A string is binary, if it consists only of characters "0" and "1".

String v is a substring of string w if it has a non-zero length and can be read starting from some position in string w. For example, string "010" has six substrings: "0", "1", "0", "01", "10", "010". Two substrings are considered different if their positions of occurrence are different. So, if some string occurs multiple times, we should consider it the number of times it occurs.

You are given a binary string s.

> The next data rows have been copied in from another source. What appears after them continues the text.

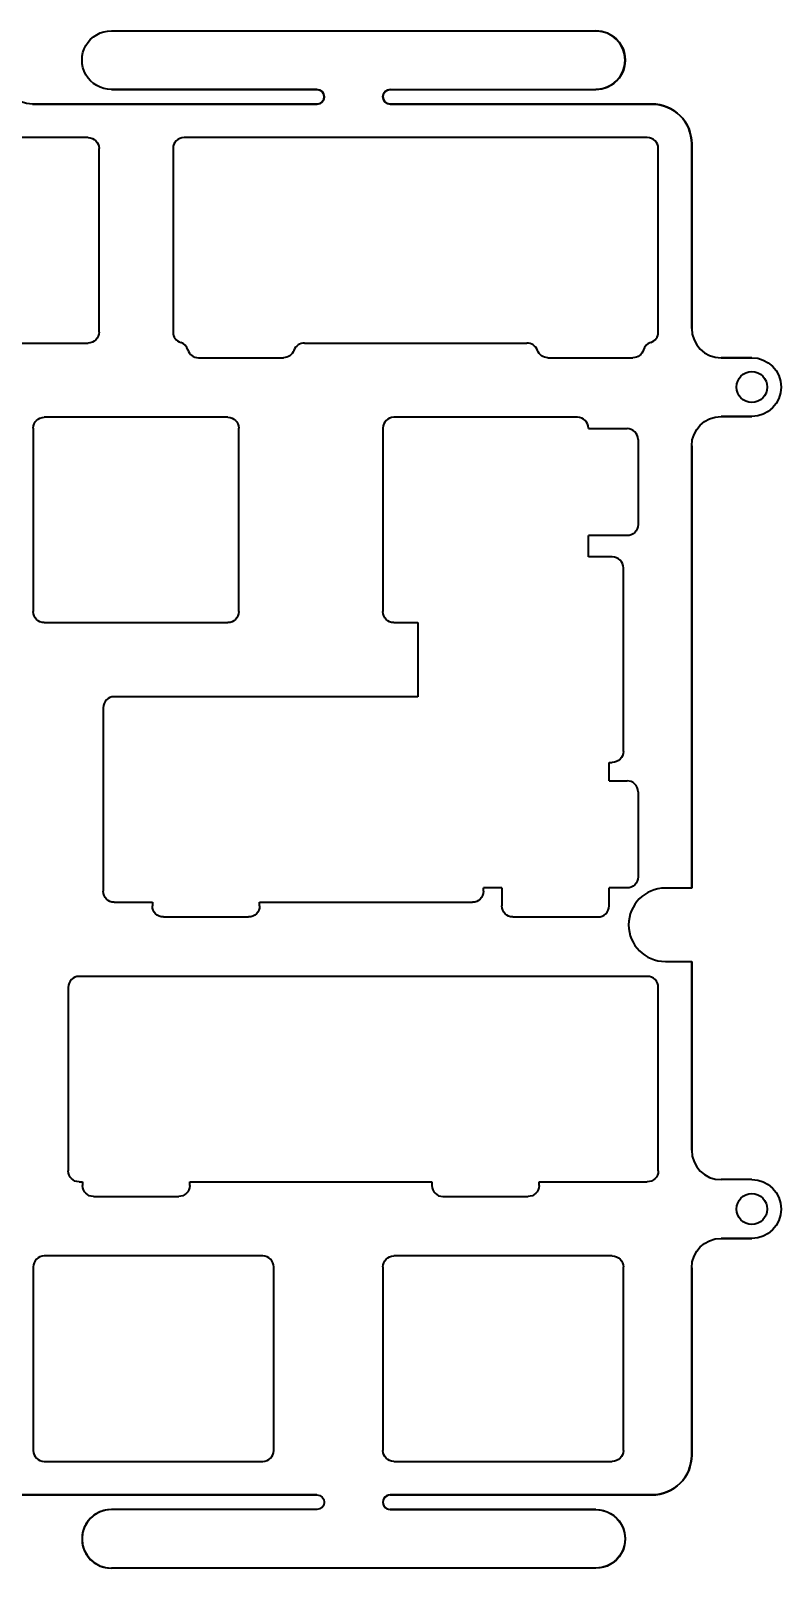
# Model space of a CAD drawing. Header units: millimetres. Extents: x -149 to 149, y -52 to 56.
# Drawn here: x 97.6 to 148.7, y -50.4 to 54.4 of the extents above; entities that cross this region are included whole.
import ezdxf

# ---------------------------------------------------------------- set-up
doc = ezdxf.new("R2010")
doc.units = ezdxf.units.MM
doc.layers.add('1', color=7, linetype='Continuous', true_color=0xffffff)

msp = doc.modelspace()

# ---------------------------------------------------------------- linework, layer by layer
at = {"layer": '1', "color": 124, "linetype": 'Continuous', "lineweight": 35}
for p, q in [((103.097155, 54.350222, 6.556103), (103.097156, 54.350222, 8.056467)), ((103.097155, 54.350222, 6.556103), (136.097155, 54.350222, 6.556103)), ((103.097156, 54.350222, 8.056467), (136.097155, 54.350222, 8.056467)), ((136.097155, 54.350222, 6.556103), (136.097155, 54.350222, 8.056467)), ((103.097156, 50.350222, 6.556103), (103.097156, 50.350222, 8.056467)), ((103.097156, 50.350222, 8.056467), (117.097154, 50.350222, 8.056467)), ((117.097154, 50.350222, 6.556103), (103.097156, 50.350222, 6.556103)), ((117.097154, 50.350222, 6.556103), (117.097154, 50.350222, 8.056467)), ((122.097155, 50.350222, 6.556103), (122.097155, 50.350222, 8.056467)), ((122.097155, 50.350222, 8.056467), (136.097155, 50.350222, 8.056467)), ((122.097155, 50.350222, 6.556103), (136.097155, 50.350222, 6.556103)), ((136.097155, 50.350222, 6.556103), (136.097155, 50.350222, 8.056467)), ((97.725374, 49.350222, 6.556103), (97.725374, 49.350222, 8.056467)), ((139.926013, 49.350222, 8.056467), (139.926013, 49.350222, 6.556103)), ((101.510705, 47.075147, 8.056467), (89.010225, 47.075147, 8.056467)), ((101.510705, 47.075147, 6.556103), (89.010225, 47.075147, 6.556103)), ((101.510705, 47.075147, 6.556103), (101.510705, 47.075147, 8.056467)), ((102.260705, 46.325147, 6.556103), (102.260705, 46.325147, 8.056467)), ((102.260705, 33.824461, 8.056467), (102.260705, 46.325147, 8.056467)), ((102.260705, 33.824461, 6.556103), (102.260705, 46.325147, 6.556103)), ((107.299636, 46.325442, 6.556103), (107.299636, 46.325442, 8.056467)), ((107.299636, 46.325442, 8.056467), (107.299636, 33.825061, 8.056467)), ((107.299636, 46.325442, 6.556103), (107.299636, 33.825061, 6.556103)), ((108.049636, 47.075442, 6.556103), (108.049636, 47.075442, 8.056467)), ((139.599649, 47.075442, 8.056467), (108.049636, 47.075442, 8.056467)), ((139.599649, 47.075442, 6.556103), (108.049636, 47.075442, 6.556103)), ((139.599649, 47.075442, 6.556103), (139.599649, 47.075442, 8.056467)), ((140.349649, 46.325442, 6.556103), (140.349649, 46.325442, 8.056467)), ((140.349649, 33.824908, 8.056467), (140.349649, 46.325442, 8.056467)), ((140.349649, 33.824908, 6.556103), (140.349649, 46.325442, 6.556103)), ((142.626013, 46.650222, 6.556103), (142.626013, 46.650222, 8.056467)), ((142.626013, 46.650222, 8.056467), (142.626013, 34.075497, 8.056467)), ((142.626013, 34.075497, 6.556103), (142.626013, 46.650222, 6.556103)), ((102.260705, 33.824461, 6.556103), (102.260705, 33.824461, 8.056467)), ((107.299636, 33.825061, 6.556103), (107.299636, 33.825061, 8.056467)), ((140.349649, 33.824908, 6.556103), (140.349649, 33.824908, 8.056467)), ((142.626013, 34.075497, 8.056467), (142.626013, 34.075497, 6.556103)), ((89.010225, 33.074461, 8.056467), (101.510705, 33.074461, 8.056467)), ((89.010225, 33.074461, 6.556103), (101.510705, 33.074461, 6.556103)), ((101.510705, 33.074461, 6.556103), (101.510705, 33.074461, 8.056467)), ((107.818553, 33.111548, 6.556103), (107.818553, 33.111548, 8.056467)), ((108.306423, 32.611591, 6.556103), (108.306423, 32.611591, 8.056467)), ((115.532468, 32.575104, 6.556103), (115.532468, 32.575104, 8.056467)), ((116.26058, 33.074766, 6.556103), (116.26058, 33.074766, 8.056467)), ((116.26058, 33.074766, 8.056467), (131.396641, 33.074766, 8.056467)), ((116.26058, 33.074766, 6.556103), (131.396641, 33.074766, 6.556103)), ((131.396641, 33.074766, 6.556103), (131.396641, 33.074766, 8.056467)), ((132.118312, 32.575028, 6.556103), (132.118312, 32.575028, 8.056467)), ((139.344383, 32.61177, 6.556103), (139.344383, 32.61177, 8.056467)), ((139.831519, 33.111651, 6.556103), (139.831519, 33.111651, 8.056467)), ((109.025376, 32.075147, 6.556103), (109.025376, 32.075147, 8.056467)), ((109.025376, 32.075147, 8.056467), (114.825376, 32.075147, 8.056467)), ((109.025376, 32.075147, 6.556103), (114.825376, 32.075147, 6.556103)), ((114.825376, 32.075147, 6.556103), (114.825376, 32.075147, 8.056467)), ((132.825376, 32.075147, 6.556103), (132.825376, 32.075147, 8.056467)), ((132.825376, 32.075147, 8.056467), (138.625376, 32.075147, 8.056467)), ((132.825376, 32.075147, 6.556103), (138.625376, 32.075147, 6.556103)), ((138.625376, 32.075147, 6.556103), (138.625376, 32.075147, 8.056467)), ((144.626013, 32.075497, 6.556103), (144.626013, 32.075497, 8.056467)), ((146.724394, 32.075497, 8.056467), (144.626013, 32.075497, 8.056467)), ((144.626013, 32.075497, 6.556103), (146.724394, 32.075497, 6.556103)), ((146.724394, 32.075497, 6.556103), (146.724394, 32.075497, 8.056467)), ((145.674397, 30.075497, 8.056467), (145.674397, 30.075497, 6.556103)), ((147.774397, 30.075497, 8.056467), (147.774397, 30.075497, 6.556103)), ((97.776286, 27.275147, 6.556103), (97.776286, 27.275147, 8.056467)), ((97.776286, 27.275147, 8.056467), (97.776286, 14.774766, 8.056467)), ((97.776286, 27.275147, 6.556103), (97.776286, 14.774766, 6.556103)), ((98.526286, 28.025147, 6.556103), (98.526286, 28.025147, 8.056467)), ((111.026768, 28.025147, 8.056467), (98.526286, 28.025147, 8.056467)), ((111.026768, 28.025147, 6.556103), (98.526286, 28.025147, 6.556103)), ((111.026768, 28.025147, 6.556103), (111.026768, 28.025147, 8.056467)), ((111.776768, 27.275147, 6.556103), (111.776768, 27.275147, 8.056467)), ((111.776768, 14.774766, 8.056467), (111.776768, 27.275147, 8.056467)), ((111.776768, 14.774766, 6.556103), (111.776768, 27.275147, 6.556103)), ((121.588996, 27.274804, 6.556103), (121.588996, 27.274804, 8.056467)), ((121.588996, 27.274804, 8.056467), (121.588996, 14.774324, 8.056467)), ((121.588996, 27.274804, 6.556103), (121.588996, 14.774324, 6.556103)), ((122.338996, 28.024804, 6.556103), (122.338996, 28.024804, 8.056467)), ((134.839682, 28.024804, 8.056467), (122.338996, 28.024804, 8.056467)), ((134.839682, 28.024804, 6.556103), (122.338996, 28.024804, 6.556103)), ((134.839682, 28.024804, 6.556103), (134.839682, 28.024804, 8.056467)), ((135.589682, 27.274804, 6.556103), (135.589682, 27.274804, 8.056467)), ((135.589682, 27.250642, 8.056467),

Your task is to find the number of its substrings, containing exactly k characters "1".

Input

The first line contains the single integer k (0 ≤ k ≤ 10^6). The second line contains a non-empty binary string s. The length of s does not exceed 10^6 characters.

Output

Print the single number — the number of substrings of the given string, containing exactly k characters "1".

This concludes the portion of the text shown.